## Supplied information
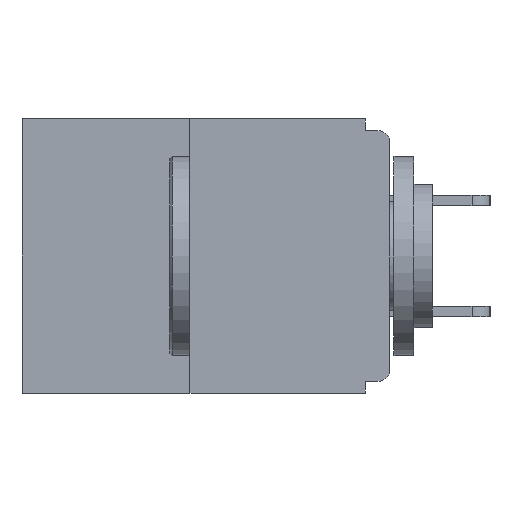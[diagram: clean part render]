
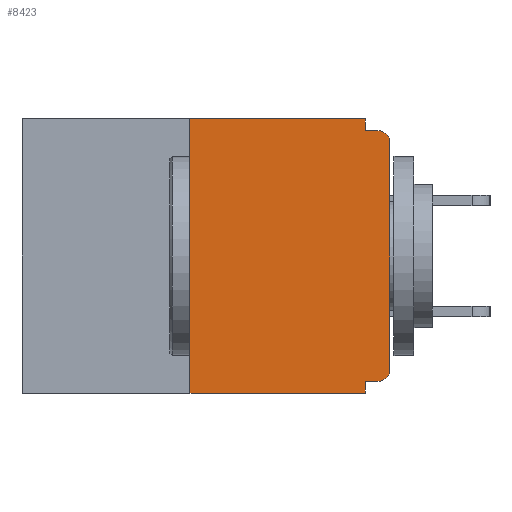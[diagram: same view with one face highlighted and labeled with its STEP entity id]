
A CAD part, left-side view. The second image highlights one B-rep face of the part: STEP entity #8423.
In plain terms, the highlighted planar face has unit normal (-1, 0, 0).
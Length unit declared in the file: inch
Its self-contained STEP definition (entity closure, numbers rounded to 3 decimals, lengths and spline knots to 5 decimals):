
#152 = VECTOR ( 'NONE', #10077, 39.37008 ) ;
#479 = CARTESIAN_POINT ( 'NONE',  ( 0., 0.015, -0.03 ) ) ;
#838 = CARTESIAN_POINT ( 'NONE',  ( 0., 0.031, -0.343 ) ) ;
#1333 = CARTESIAN_POINT ( 'NONE',  ( 0., 0., 0. ) ) ;
#1387 = ORIENTED_EDGE ( 'NONE', *, *, #10710, .F. ) ;
#1494 = CARTESIAN_POINT ( 'NONE',  ( 0., 0.031, 0. ) ) ;
#1935 = EDGE_CURVE ( 'NONE', #17820, #6814, #20633, .T. ) ;
#2331 = EDGE_CURVE ( 'NONE', #17820, #9896, #4071, .T. ) ;
#2402 = VERTEX_POINT ( 'NONE', #17261 ) ;
#2577 = VERTEX_POINT ( 'NONE', #6223 ) ;
#2785 = ORIENTED_EDGE ( 'NONE', *, *, #15752, .F. ) ;
#3071 = ORIENTED_EDGE ( 'NONE', *, *, #11693, .T. ) ;
#3322 = CARTESIAN_POINT ( 'NONE',  ( 0., 0., -0.03 ) ) ;
#3375 = DIRECTION ( 'NONE',  ( 0., 0., -1. ) ) ;
#3397 = DIRECTION ( 'NONE',  ( 0., 0., -1. ) ) ;
#3656 = CIRCLE ( 'NONE', #6059, 0.015 ) ;
#3680 = DIRECTION ( 'NONE',  ( 0., 0., -1. ) ) ;
#4071 = LINE ( 'NONE', #9772, #152 ) ;
#4161 = CARTESIAN_POINT ( 'NONE',  ( 0., 0.015, -0.313 ) ) ;
#4710 = CARTESIAN_POINT ( 'NONE',  ( 0., 0.25, 0. ) ) ;
#4969 = LINE ( 'NONE', #1333, #8850 ) ;
#5025 = VERTEX_POINT ( 'NONE', #10151 ) ;
#5727 = VERTEX_POINT ( 'NONE', #1494 ) ;
#6050 = DIRECTION ( 'NONE',  ( 0., -1., 0. ) ) ;
#6059 = AXIS2_PLACEMENT_3D ( 'NONE', #479, #7234, #3680 ) ;
#6223 = CARTESIAN_POINT ( 'NONE',  ( 0., 0.015, -0.015 ) ) ;
#6626 = CARTESIAN_POINT ( 'NONE',  ( 0., 0.031, -0.343 ) ) ;
#6814 = VERTEX_POINT ( 'NONE', #4710 ) ;
#6938 = CARTESIAN_POINT ( 'NONE',  ( 0., 0.46, 0. ) ) ;
#6982 = EDGE_CURVE ( 'NONE', #5727, #2402, #10274, .T. ) ;
#7234 = DIRECTION ( 'NONE',  ( -1., 0., 0. ) ) ;
#7250 = VECTOR ( 'NONE', #3375, 39.37008 ) ;
#7360 = FACE_OUTER_BOUND ( 'NONE', #16866, .T. ) ;
#7470 = LINE ( 'NONE', #21347, #8218 ) ;
#7603 = DIRECTION ( 'NONE',  ( 0., 0., -1. ) ) ;
#7703 = VERTEX_POINT ( 'NONE', #8728 ) ;
#7867 = ORIENTED_EDGE ( 'NONE', *, *, #2331, .T. ) ;
#8123 = CARTESIAN_POINT ( 'NONE',  ( 0., 0.031, -0.328 ) ) ;
#8137 = CARTESIAN_POINT ( 'NONE',  ( 0., 0.25, -0.343 ) ) ;
#8218 = VECTOR ( 'NONE', #16352, 39.37008 ) ;
#8382 = PLANE ( 'NONE',  #12214 ) ;
#8423 = ADVANCED_FACE ( 'NONE', ( #7360 ), #8382, .F. ) ;
#8728 = CARTESIAN_POINT ( 'NONE',  ( 0., 0.015, -0.328 ) ) ;
#8850 = VECTOR ( 'NONE', #14583, 39.37008 ) ;
#9339 = EDGE_CURVE ( 'NONE', #6814, #5727, #15323, .T. ) ;
#9624 = EDGE_CURVE ( 'NONE', #5025, #17144, #4969, .T. ) ;
#9772 = CARTESIAN_POINT ( 'NONE',  ( 0., 0.46, -0.343 ) ) ;
#9782 = VECTOR ( 'NONE', #10117, 39.37008 ) ;
#9896 = VERTEX_POINT ( 'NONE', #838 ) ;
#10077 = DIRECTION ( 'NONE',  ( 0., -1., 0. ) ) ;
#10117 = DIRECTION ( 'NONE',  ( 0., 0., 1. ) ) ;
#10151 = CARTESIAN_POINT ( 'NONE',  ( 0., 0., -0.313 ) ) ;
#10245 = ORIENTED_EDGE ( 'NONE', *, *, #9339, .F. ) ;
#10274 = LINE ( 'NONE', #20881, #15996 ) ;
#10710 = EDGE_CURVE ( 'NONE', #21349, #9896, #12429, .T. ) ;
#11693 = EDGE_CURVE ( 'NONE', #17144, #2577, #3656, .T. ) ;
#11705 = ORIENTED_EDGE ( 'NONE', *, *, #6982, .F. ) ;
#12214 = AXIS2_PLACEMENT_3D ( 'NONE', #6938, #15058, #3397 ) ;
#12429 = LINE ( 'NONE', #6626, #7250 ) ;
#12432 = ORIENTED_EDGE ( 'NONE', *, *, #1935, .F. ) ;
#13146 = EDGE_CURVE ( 'NONE', #7703, #21349, #7470, .T. ) ;
#13516 = VECTOR ( 'NONE', #6050, 39.37008 ) ;
#13809 = CARTESIAN_POINT ( 'NONE',  ( 0., 0., -0.015 ) ) ;
#13927 = DIRECTION ( 'NONE',  ( -1., 0., 0. ) ) ;
#14351 = VECTOR ( 'NONE', #15696, 39.37008 ) ;
#14583 = DIRECTION ( 'NONE',  ( 0., 0., 1. ) ) ;
#14677 = ORIENTED_EDGE ( 'NONE', *, *, #16558, .T. ) ;
#15058 = DIRECTION ( 'NONE',  ( 1., 0., 0. ) ) ;
#15085 = CIRCLE ( 'NONE', #15893, 0.015 ) ;
#15323 = LINE ( 'NONE', #21048, #13516 ) ;
#15696 = DIRECTION ( 'NONE',  ( 0., -1., 0. ) ) ;
#15752 = EDGE_CURVE ( 'NONE', #2402, #2577, #18722, .T. ) ;
#15893 = AXIS2_PLACEMENT_3D ( 'NONE', #4161, #13927, #17209 ) ;
#15996 = VECTOR ( 'NONE', #7603, 39.37008 ) ;
#16352 = DIRECTION ( 'NONE',  ( 0., 1., 0. ) ) ;
#16558 = EDGE_CURVE ( 'NONE', #7703, #5025, #15085, .T. ) ;
#16866 = EDGE_LOOP ( 'NONE', ( #10245, #12432, #7867, #1387, #18875, #14677, #21188, #3071, #2785, #11705 ) ) ;
#17144 = VERTEX_POINT ( 'NONE', #3322 ) ;
#17209 = DIRECTION ( 'NONE',  ( 0., 0., -1. ) ) ;
#17261 = CARTESIAN_POINT ( 'NONE',  ( 0., 0.031, -0.015 ) ) ;
#17820 = VERTEX_POINT ( 'NONE', #8137 ) ;
#18722 = LINE ( 'NONE', #13809, #14351 ) ;
#18875 = ORIENTED_EDGE ( 'NONE', *, *, #13146, .F. ) ;
#19974 = CARTESIAN_POINT ( 'NONE',  ( 0., 0.25, 0. ) ) ;
#20633 = LINE ( 'NONE', #19974, #9782 ) ;
#20881 = CARTESIAN_POINT ( 'NONE',  ( 0., 0.031, 0. ) ) ;
#21048 = CARTESIAN_POINT ( 'NONE',  ( 0., 0.46, 0. ) ) ;
#21188 = ORIENTED_EDGE ( 'NONE', *, *, #9624, .T. ) ;
#21347 = CARTESIAN_POINT ( 'NONE',  ( 0., 0., -0.328 ) ) ;
#21349 = VERTEX_POINT ( 'NONE', #8123 ) ;

## What the task asks
Reproduce only the lines above, starting at the line with "#8728 = CARTESIAN_POINT" and ending at the line with "#10151 = CARTESIAN_POINT", exactly as written.

## Task answer
#8728 = CARTESIAN_POINT ( 'NONE',  ( 0., 0.015, -0.328 ) ) ;
#8850 = VECTOR ( 'NONE', #14583, 39.37008 ) ;
#9339 = EDGE_CURVE ( 'NONE', #6814, #5727, #15323, .T. ) ;
#9624 = EDGE_CURVE ( 'NONE', #5025, #17144, #4969, .T. ) ;
#9772 = CARTESIAN_POINT ( 'NONE',  ( 0., 0.46, -0.343 ) ) ;
#9782 = VECTOR ( 'NONE', #10117, 39.37008 ) ;
#9896 = VERTEX_POINT ( 'NONE', #838 ) ;
#10077 = DIRECTION ( 'NONE',  ( 0., -1., 0. ) ) ;
#10117 = DIRECTION ( 'NONE',  ( 0., 0., 1. ) ) ;
#10151 = CARTESIAN_POINT ( 'NONE',  ( 0., 0., -0.313 ) ) ;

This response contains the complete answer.